Synopsis: A shocking exposé of how pharmaceutical companies use patent law to keep profits unconscionably high even at the expense of peoples’ lives, and a plea for universal access to affordable, life-saving generic medicines. An intricate tale of “medicine, monopoly and malice”, FIRE IN THE BLOOD tells the story of how Western pharmaceutical companies and governments aggressively blocked access to affordable AIDS drugs for the countries of Africa and the global south in the years after 1996 – causing ten million or more unnecessary deaths. It is also the inspiring story of the improbable group of people who decided to fight back. Shot on four continents and including contributions from global figures such as President Bill Clinton, Bishop Desmond Tutu and economist Joseph Stiglitz, FIRE IN THE BLOOD is the never-before-told true story of the remarkable coalition which came together to stop ‘the Corporate Crime of the Century’ and save millions of lives.
2013 – CALL ME KUCHU
Technically this is not about HIV/AIDS but Uganda’s first openly gay man David Kato, Call Me Kuchu is one of the most emotional, courageous and heartbreaking documentaries you are likely to ever see.
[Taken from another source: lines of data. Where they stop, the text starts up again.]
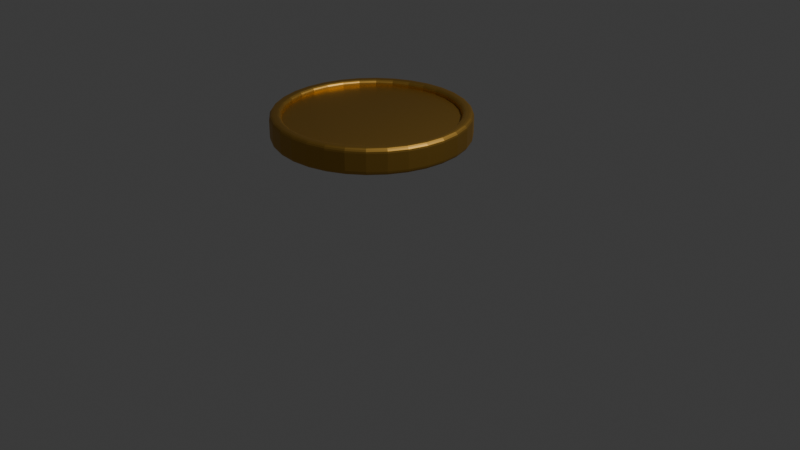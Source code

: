 # Source: piece.blend  (saved by Blender 4.5.90; exported with 4.5.12 LTS)
import bpy
from mathutils import Matrix  # noqa: F401  (used for matrix-valued properties, if any)

bpy.ops.wm.read_factory_settings(use_empty=True)
scene = bpy.context.scene
scene.name = 'Scene'

# ---- collections
col_collection = bpy.data.collections.new('Collection'); scene.collection.children.link(col_collection)

# ---- materials (node trees are filled in below, after node groups)
mat_piece = bpy.data.materials.new('Piece')

# ---- material node trees
mat_piece.use_nodes = True; mat_piece.node_tree.nodes.clear()
_N = mat_piece.node_tree.nodes; _L = mat_piece.node_tree.links
n0 = _N.new('ShaderNodeBsdfPrincipled'); n0.name = 'Principled BSDF'; n0.location = (-200, 100)
n0.inputs[0].default_value = (0.5577, 0.3258, 0.06978, 1.0)
n0.inputs[1].default_value = 1.0
n1 = _N.new('ShaderNodeOutputMaterial'); n1.name = 'Material Output'; n1.location = (200, 100)
_L.new(n0.outputs[0], n1.inputs[0])
n1.is_active_output = True

# ---- world
world_world = bpy.data.worlds.new('World'); scene.world = world_world
world_world.use_nodes = True; world_world.node_tree.nodes.clear()
_N = world_world.node_tree.nodes; _L = world_world.node_tree.links
n0 = _N.new('ShaderNodeOutputWorld'); n0.name = 'World Output'; n0.location = (200, 100)
n1 = _N.new('ShaderNodeBackground'); n1.name = 'Background'; n1.location = (-200, 100)
n1.inputs[0].default_value = (0.05088, 0.05088, 0.05088, 1.0)
_L.new(n1.outputs[0], n0.inputs[0])
n0.is_active_output = True
world_world.color = (0.05088, 0.05088, 0.05088)
world_world.sun_shadow_jitter_overblur = 0.0

# ---- cameras
cam_camera = bpy.data.cameras.new('Camera')
cam_camera.clip_end = 100.0
cam_camera.ortho_scale = 7.314

# ---- lights
light_light = bpy.data.lights.new('Light', 'POINT')
light_light.energy = 1000.0
light_light.shadow_soft_size = 0.1

# ---- meshes
me_cylindre_002 = bpy.data.meshes.new('Cylindre.002')
me_cylindre_002.from_pydata([(0.0, 0.8826, -0.0755), (0.1722, 0.8657, -0.0755), (0.1722, 0.8657, 0.0755), (0.0, 0.8826, 0.0755), (0.3378, 0.8155, -0.0755), (0.3378, 0.8155, 0.0755), (0.4904, 0.7339, -0.0755), (0.4904, 0.7339, 0.0755), (0.6241, 0.6241, -0.0755), (0.6241, 0.6241, 0.0755), (0.7339, 0.4904, -0.0755), (0.7339, 0.4904, 0.0755), (0.8155, 0.3378, -0.0755), (0.8155, 0.3378, 0.0755), (0.8657, 0.1722, -0.0755), (0.8657, 0.1722, 0.0755), (0.8826, 0.0, -0.0755), (0.8826, 0.0, 0.0755), (0.8657, -0.1722, -0.0755), (0.8657, -0.1722, 0.0755), (0.8155, -0.3378, -0.0755), (0.8155, -0.3378, 0.0755), (0.7339, -0.4904, -0.0755), (0.7339, -0.4904, 0.0755), (0.6241, -0.6241, -0.0755), (0.6241, -0.6241, 0.0755), (0.4904, -0.7339, -0.0755), (0.4904, -0.7339, 0.0755), (0.3378, -0.8155, -0.0755), (0.3378, -0.8155, 0.0755), (0.1722, -0.8657, -0.0755), (0.1722, -0.8657, 0.0755), (0.0, -0.8826, -0.0755), (0.0, -0.8826, 0.0755), (-0.1722, -0.8657, -0.0755), (-0.1722, -0.8657, 0.0755), (-0.3378, -0.8155, -0.0755), (-0.3378, -0.8155, 0.0755), (-0.4904, -0.7339, -0.0755), (-0.4904, -0.7339, 0.0755), (-0.6241, -0.6241, -0.0755), (-0.6241, -0.6241, 0.0755), (-0.7339, -0.4904, -0.0755), (-0.7339, -0.4904, 0.0755), (-0.8155, -0.3378, -0.0755), (-0.8155, -0.3378, 0.0755), (-0.8657, -0.1722, -0.0755), (-0.8657, -0.1722, 0.0755), (-0.8826, 0.0, -0.0755), (-0.8826, 0.0, 0.0755), (-0.8657, 0.1722, -0.0755), (-0.8657, 0.1722, 0.0755), (-0.8155, 0.3378, -0.0755), (-0.8155, 0.3378, 0.0755), (-0.7339, 0.4904, -0.0755), (-0.7339, 0.4904, 0.0755), (-0.6241, 0.6241, -0.0755), (-0.6241, 0.6241, 0.0755), (-0.4904, 0.7339, -0.0755), (-0.4904, 0.7339, 0.0755), (-0.3378, 0.8155, -0.0755), (-0.3378, 0.8155, 0.0755), (-0.1722, 0.8657, -0.0755), (-0.1722, 0.8657, 0.0755), (0.0, 0.9545, -0.1337), (0.0, 1.0, -0.08844), (0.0, 0.9719, -0.1303), (0.0, 0.9867, -0.1204), (0.0, 0.9965, -0.1058), (0.1951, 0.9808, -0.08844), (0.1862, 0.9362, -0.1337), (0.1944, 0.9774, -0.1058), (0.1925, 0.9677, -0.1204), (0.1896, 0.9532, -0.1303), (0.1862, 0.9362, 0.1337), (0.1951, 0.9808, 0.08844), (0.1896, 0.9532, 0.1303), (0.1925, 0.9677, 0.1204), (0.1944, 0.9774, 0.1058), (0.0, 1.0, 0.08844), (0.0, 0.9545, 0.1337), (0.0, 0.9965, 0.1058), (0.0, 0.9867, 0.1204), (0.0, 0.9719, 0.1303), (0.3827, 0.9239, -0.08844), (0.3653, 0.8819, -0.1337), (0.3814, 0.9207, -0.1058), (0.3776, 0.9116, -0.1204), (0.3719, 0.8979, -0.1303), (0.3653, 0.8819, 0.1337), (0.3827, 0.9239, 0.08844), (0.3719, 0.8979, 0.1303), (0.3776, 0.9116, 0.1204), (0.3814, 0.9207, 0.1058), (0.5556, 0.8315, -0.08844), (0.5303, 0.7937, -0.1337), (0.5536, 0.8286, -0.1058), (0.5482, 0.8204, -0.1204), (0.54, 0.8081, -0.1303), (0.5303, 0.7937, 0.1337), (0.5556, 0.8315, 0.08844), (0.54, 0.8081, 0.1303), (0.5482, 0.8204, 0.1204), (0.5536, 0.8286, 0.1058), (0.7071, 0.7071, -0.08844), (0.6749, 0.6749, -0.1337), (0.7047, 0.7047, -0.1058), (0.6977, 0.6977, -0.1204), (0.6873, 0.6873, -0.1303), (0.6749, 0.6749, 0.1337), (0.7071, 0.7071, 0.08844), (0.6873, 0.6873, 0.1303), (0.6977, 0.6977, 0.1204), (0.7047, 0.7047, 0.1058), (0.8315, 0.5556, -0.08844), (0.7937, 0.5303, -0.1337), (0.8286, 0.5536, -0.1058), (0.8204, 0.5482, -0.1204), (0.8081, 0.54, -0.1303), (0.7937, 0.5303, 0.1337), (0.8315, 0.5556, 0.08844), (0.8081, 0.54, 0.1303), (0.8204, 0.5482, 0.1204), (0.8286, 0.5536, 0.1058), (0.9239, 0.3827, -0.08844), (0.8819, 0.3653, -0.1337), (0.9207, 0.3814, -0.1058), (0.9116, 0.3776, -0.1204), (0.8979, 0.3719, -0.1303), (0.8819, 0.3653, 0.1337), (0.9239, 0.3827, 0.08844), (0.8979, 0.3719, 0.1303), (0.9116, 0.3776, 0.1204), (0.9207, 0.3814, 0.1058), (0.9808, 0.1951, -0.08844), (0.9362, 0.1862, -0.1337), (0.9774, 0.1944, -0.1058), (0.9677, 0.1925, -0.1204), (0.9532, 0.1896, -0.1303), (0.9362, 0.1862, 0.1337), (0.9808, 0.1951, 0.08844), (0.9532, 0.1896, 0.1303), (0.9677, 0.1925, 0.1204), (0.9774, 0.1944, 0.1058), (1.0, 0.0, -0.08844), (0.9545, 0.0, -0.1337), (0.9965, 0.0, -0.1058), (0.9867, 0.0, -0.1204), (0.9719, 0.0, -0.1303), (0.9545, 0.0, 0.1337), (1.0, 0.0, 0.08844), (0.9719, 0.0, 0.1303), (0.9867, 0.0, 0.1204), (0.9965, 0.0, 0.1058), (0.9808, -0.1951, -0.08844), (0.9362, -0.1862, -0.1337), (0.9774, -0.1944, -0.1058), (0.9677, -0.1925, -0.1204), (0.9532, -0.1896, -0.1303), (0.9362, -0.1862, 0.1337), (0.9808, -0.1951, 0.08844), (0.9532, -0.1896, 0.1303), (0.9677, -0.1925, 0.1204), (0.9774, -0.1944, 0.1058), (0.9239, -0.3827, -0.08844), (0.8819, -0.3653, -0.1337), (0.9207, -0.3814, -0.1058), (0.9116, -0.3776, -0.1204), (0.8979, -0.3719, -0.1303), (0.8819, -0.3653, 0.1337), (0.9239, -0.3827, 0.08844), (0.8979, -0.3719, 0.1303), (0.9116, -0.3776, 0.1204), (0.9207, -0.3814, 0.1058), (0.8315, -0.5556, -0.08844), (0.7937, -0.5303, -0.1337), (0.8286, -0.5536, -0.1058), (0.8204, -0.5482, -0.1204), (0.8081, -0.54, -0.1303), (0.7937, -0.5303, 0.1337), (0.8315, -0.5556, 0.08844), (0.8081, -0.54, 0.1303), (0.8204, -0.5482, 0.1204), (0.8286, -0.5536, 0.1058), (0.7071, -0.7071, -0.08844), (0.6749, -0.6749, -0.1337), (0.7047, -0.7047, -0.1058), (0.6977, -0.6977, -0.1204), (0.6873, -0.6873, -0.1303), (0.6749, -0.6749, 0.1337), (0.7071, -0.7071, 0.08844), (0.6873, -0.6873, 0.1303), (0.6977, -0.6977, 0.1204), (0.7047, -0.7047, 0.1058), (0.5556, -0.8315, -0.08844), (0.5303, -0.7937, -0.1337), (0.5536, -0.8286, -0.1058), (0.5482, -0.8204, -0.1204), (0.54, -0.8081, -0.1303), (0.5303, -0.7937, 0.1337), (0.5556, -0.8315, 0.08844), (0.54, -0.8081, 0.1303), (0.5482, -0.8204, 0.1204), (0.5536, -0.8286, 0.1058), (0.3827, -0.9239, -0.08844), (0.3653, -0.8819, -0.1337), (0.3814, -0.9207, -0.1058), (0.3776, -0.9116, -0.1204), (0.3719, -0.8979, -0.1303), (0.3653, -0.8819, 0.1337), (0.3827, -0.9239, 0.08844), (0.3719, -0.8979, 0.1303), (0.3776, -0.9116, 0.1204), (0.3814, -0.9207, 0.1058), (0.1951, -0.9808, -0.08844), (0.1862, -0.9362, -0.1337), (0.1944, -0.9774, -0.1058), (0.1925, -0.9677, -0.1204), (0.1896, -0.9532, -0.1303), (0.1862, -0.9362, 0.1337), (0.1951, -0.9808, 0.08844), (0.1896, -0.9532, 0.1303), (0.1925, -0.9677, 0.1204), (0.1944, -0.9774, 0.1058), (0.0, -1.0, -0.08844), (0.0, -0.9545, -0.1337), (0.0, -0.9965, -0.1058), (0.0, -0.9867, -0.1204), (0.0, -0.9719, -0.1303), (0.0, -0.9545, 0.1337), (0.0, -1.0, 0.08844), (0.0, -0.9719, 0.1303), (0.0, -0.9867, 0.1204), (0.0, -0.9965, 0.1058), (-0.1951, -0.9808, -0.08844), (-0.1862, -0.9362, -0.1337), (-0.1944, -0.9774, -0.1058), (-0.1925, -0.9677, -0.1204), (-0.1896, -0.9532, -0.1303), (-0.1862, -0.9362, 0.1337), (-0.1951, -0.9808, 0.08844), (-0.1896, -0.9532, 0.1303), (-0.1925, -0.9677, 0.1204), (-0.1944, -0.9774, 0.1058), (-0.3827, -0.9239, -0.08844), (-0.3653, -0.8819, -0.1337), (-0.3814, -0.9207, -0.1058), (-0.3776, -0.9116, -0.1204), (-0.3719, -0.8979, -0.1303), (-0.3653, -0.8819, 0.1337), (-0.3827, -0.9239, 0.08844), (-0.3719, -0.8979, 0.1303), (-0.3776, -0.9116, 0.1204), (-0.3814, -0.9207, 0.1058), (-0.5556, -0.8315, -0.08844), (-0.5303, -0.7937, -0.1337), (-0.5536, -0.8286, -0.1058), (-0.5482, -0.8204, -0.1204), (-0.54, -0.8081, -0.1303), (-0.5303, -0.7937, 0.1337), (-0.5556, -0.8315, 0.08844), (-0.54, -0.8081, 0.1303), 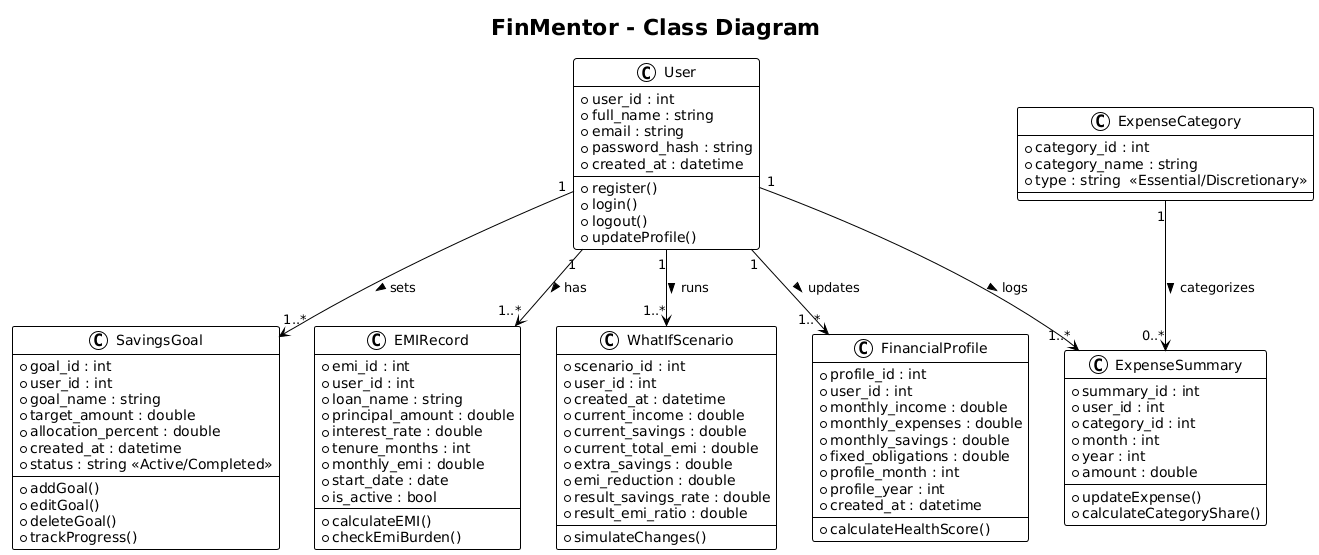

The diagram above was rendered by PlantUML. Its source (embedded in the PNG):
@startuml
!theme plain
title FinMentor - Class Diagram

class User {
  +user_id : int
  +full_name : string
  +email : string
  +password_hash : string
  +created_at : datetime

  +register()
  +login()
  +logout()
  +updateProfile()
}

class FinancialProfile {
  +profile_id : int
  +user_id : int
  +monthly_income : double
  +monthly_expenses : double
  +monthly_savings : double
  +fixed_obligations : double
  +profile_month : int
  +profile_year : int
  +created_at : datetime

  +calculateHealthScore()
}

class ExpenseCategory {
  +category_id : int
  +category_name : string
  +type : string  <<Essential/Discretionary>>
}

class ExpenseSummary {
  +summary_id : int
  +user_id : int
  +category_id : int
  +month : int
  +year : int
  +amount : double

  +updateExpense()
  +calculateCategoryShare()
}

class SavingsGoal {
  +goal_id : int
  +user_id : int
  +goal_name : string
  +target_amount : double
  +allocation_percent : double
  +created_at : datetime
  +status : string <<Active/Completed>>

  +addGoal()
  +editGoal()
  +deleteGoal()
  +trackProgress()
}

class EMIRecord {
  +emi_id : int
  +user_id : int
  +loan_name : string
  +principal_amount : double
  +interest_rate : double
  +tenure_months : int
  +monthly_emi : double
  +start_date : date
  +is_active : bool

  +calculateEMI()
  +checkEmiBurden()
}

class WhatIfScenario {
  +scenario_id : int
  +user_id : int
  +created_at : datetime
  +current_income : double
  +current_savings : double
  +current_total_emi : double
  +extra_savings : double
  +emi_reduction : double
  +result_savings_rate : double
  +result_emi_ratio : double

  +simulateChanges()
}

' Relationships
User "1" --> "1..*" FinancialProfile : updates >
User "1" --> "1..*" ExpenseSummary : logs >
User "1" --> "1..*" SavingsGoal : sets >
User "1" --> "1..*" EMIRecord : has >
User "1" --> "1..*" WhatIfScenario : runs >

ExpenseCategory "1" --> "0..*" ExpenseSummary : categorizes >
@enduml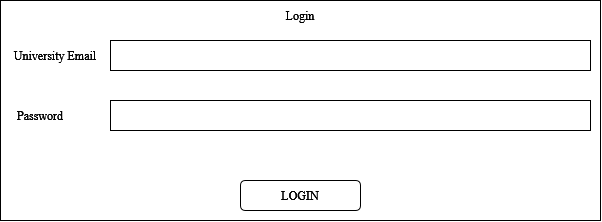

The diagram above was exported from draw.io. Its source (the exported page's mxGraphModel, read from the mxfile embedded in the PNG):
<mxGraphModel dx="717" dy="777" grid="1" gridSize="10" guides="1" tooltips="1" connect="1" arrows="1" fold="1" page="1" pageScale="1" pageWidth="1600" pageHeight="900" math="0" shadow="0">
  <root>
    <mxCell id="0" />
    <mxCell id="1" parent="0" />
    <mxCell id="WoL8IF-1jBqMzSVCshiR-1" parent="1" style="rounded=0;whiteSpace=wrap;html=1;" value="" vertex="1">
      <mxGeometry height="220" width="600" as="geometry" />
    </mxCell>
    <mxCell id="WoL8IF-1jBqMzSVCshiR-2" parent="1" style="text;html=1;whiteSpace=wrap;strokeColor=none;fillColor=none;align=center;verticalAlign=middle;rounded=0;" value="Login" vertex="1">
      <mxGeometry height="30" width="60" x="270" as="geometry" />
    </mxCell>
    <mxCell id="WoL8IF-1jBqMzSVCshiR-3" parent="1" style="text;html=1;whiteSpace=wrap;strokeColor=none;fillColor=none;align=center;verticalAlign=middle;rounded=0;" value="University Email" vertex="1">
      <mxGeometry height="30" width="90" x="10" y="40" as="geometry" />
    </mxCell>
    <mxCell id="WoL8IF-1jBqMzSVCshiR-4" parent="1" style="rounded=0;whiteSpace=wrap;html=1;" value="" vertex="1">
      <mxGeometry height="30" width="480" x="110" y="40" as="geometry" />
    </mxCell>
    <mxCell id="WoL8IF-1jBqMzSVCshiR-5" parent="1" style="text;html=1;whiteSpace=wrap;strokeColor=none;fillColor=none;align=center;verticalAlign=middle;rounded=0;" value="Password" vertex="1">
      <mxGeometry height="30" width="60" x="10" y="100" as="geometry" />
    </mxCell>
    <mxCell id="WoL8IF-1jBqMzSVCshiR-6" parent="1" style="rounded=0;whiteSpace=wrap;html=1;" value="" vertex="1">
      <mxGeometry height="30" width="480" x="110" y="100" as="geometry" />
    </mxCell>
    <mxCell id="WoL8IF-1jBqMzSVCshiR-7" parent="1" style="rounded=1;whiteSpace=wrap;html=1;roundedPerimeter=1;" value="LOGIN" vertex="1">
      <mxGeometry height="30" width="120" x="240" y="180" as="geometry" />
    </mxCell>
  </root>
</mxGraphModel>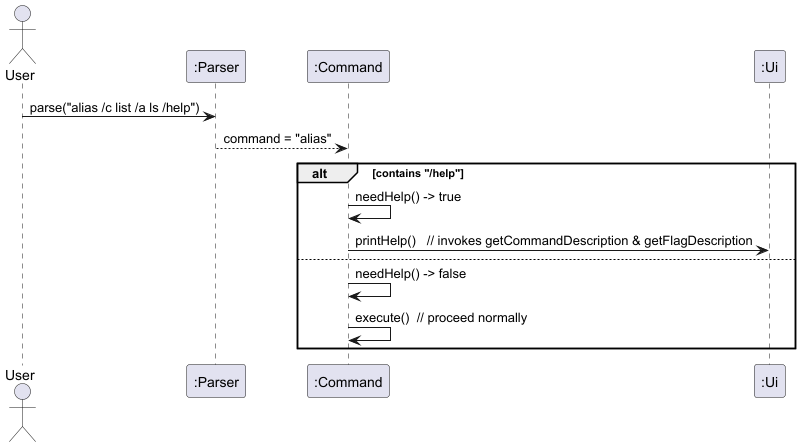

The diagram above was rendered by PlantUML. Its source (embedded in the PNG):
@startuml
actor User
participant ":Parser" as Parser
participant ":Command" as Cmd
participant ":Ui" as Ui

User -> Parser : parse("alias /c list /a ls /help")
Parser --> Cmd : command = "alias"

alt contains "/help"
    Cmd -> Cmd : needHelp() -> true
    Cmd -> Ui : printHelp()   // invokes getCommandDescription & getFlagDescription
    
else
    Cmd -> Cmd : needHelp() -> false
    Cmd -> Cmd : execute()  // proceed normally
end

@enduml

As the Ugandan government moves to pass a law that bans homosexuality and make it a crime punishable by death, Kato stands tall to represent the closeted homosexuals of that nation. He’s a wildly brilliant man, in turns hilarious, generous, incensed and devoted. His story is a must see as his fight against bigotry, misunderstanding and violence against minorities is unfathomable. He is a testament to human rights and a hero in Aza’s eyes. Katherine Fairfax Wright and Malika Zouhali-Worrall have fashioned a documentary that does everything it should and more – warm your heart, terrify you, enrage you and devastate you. Flawless.
Synopsis: In Uganda, a new bill threatens to make homosexuality punishable by death. With unprecedented access, the filmmakers follow David Kato – Uganda’s first openly gay man – and his fellow activists as they work against the clock to defeat the legislation while combatting vicious persecution in their daily lives. But no one, not even the filmmakers are prepared for the brutal murder that shakes their movement to the its core and sends shock waves around the world. CALL ME KUCHU depicts the last year in the life of a courageous, quick-witted and steadfast man whose wisdom and achievements were not fully recognised until after his death, and whose memory has inspired a new generation of human rights advocates.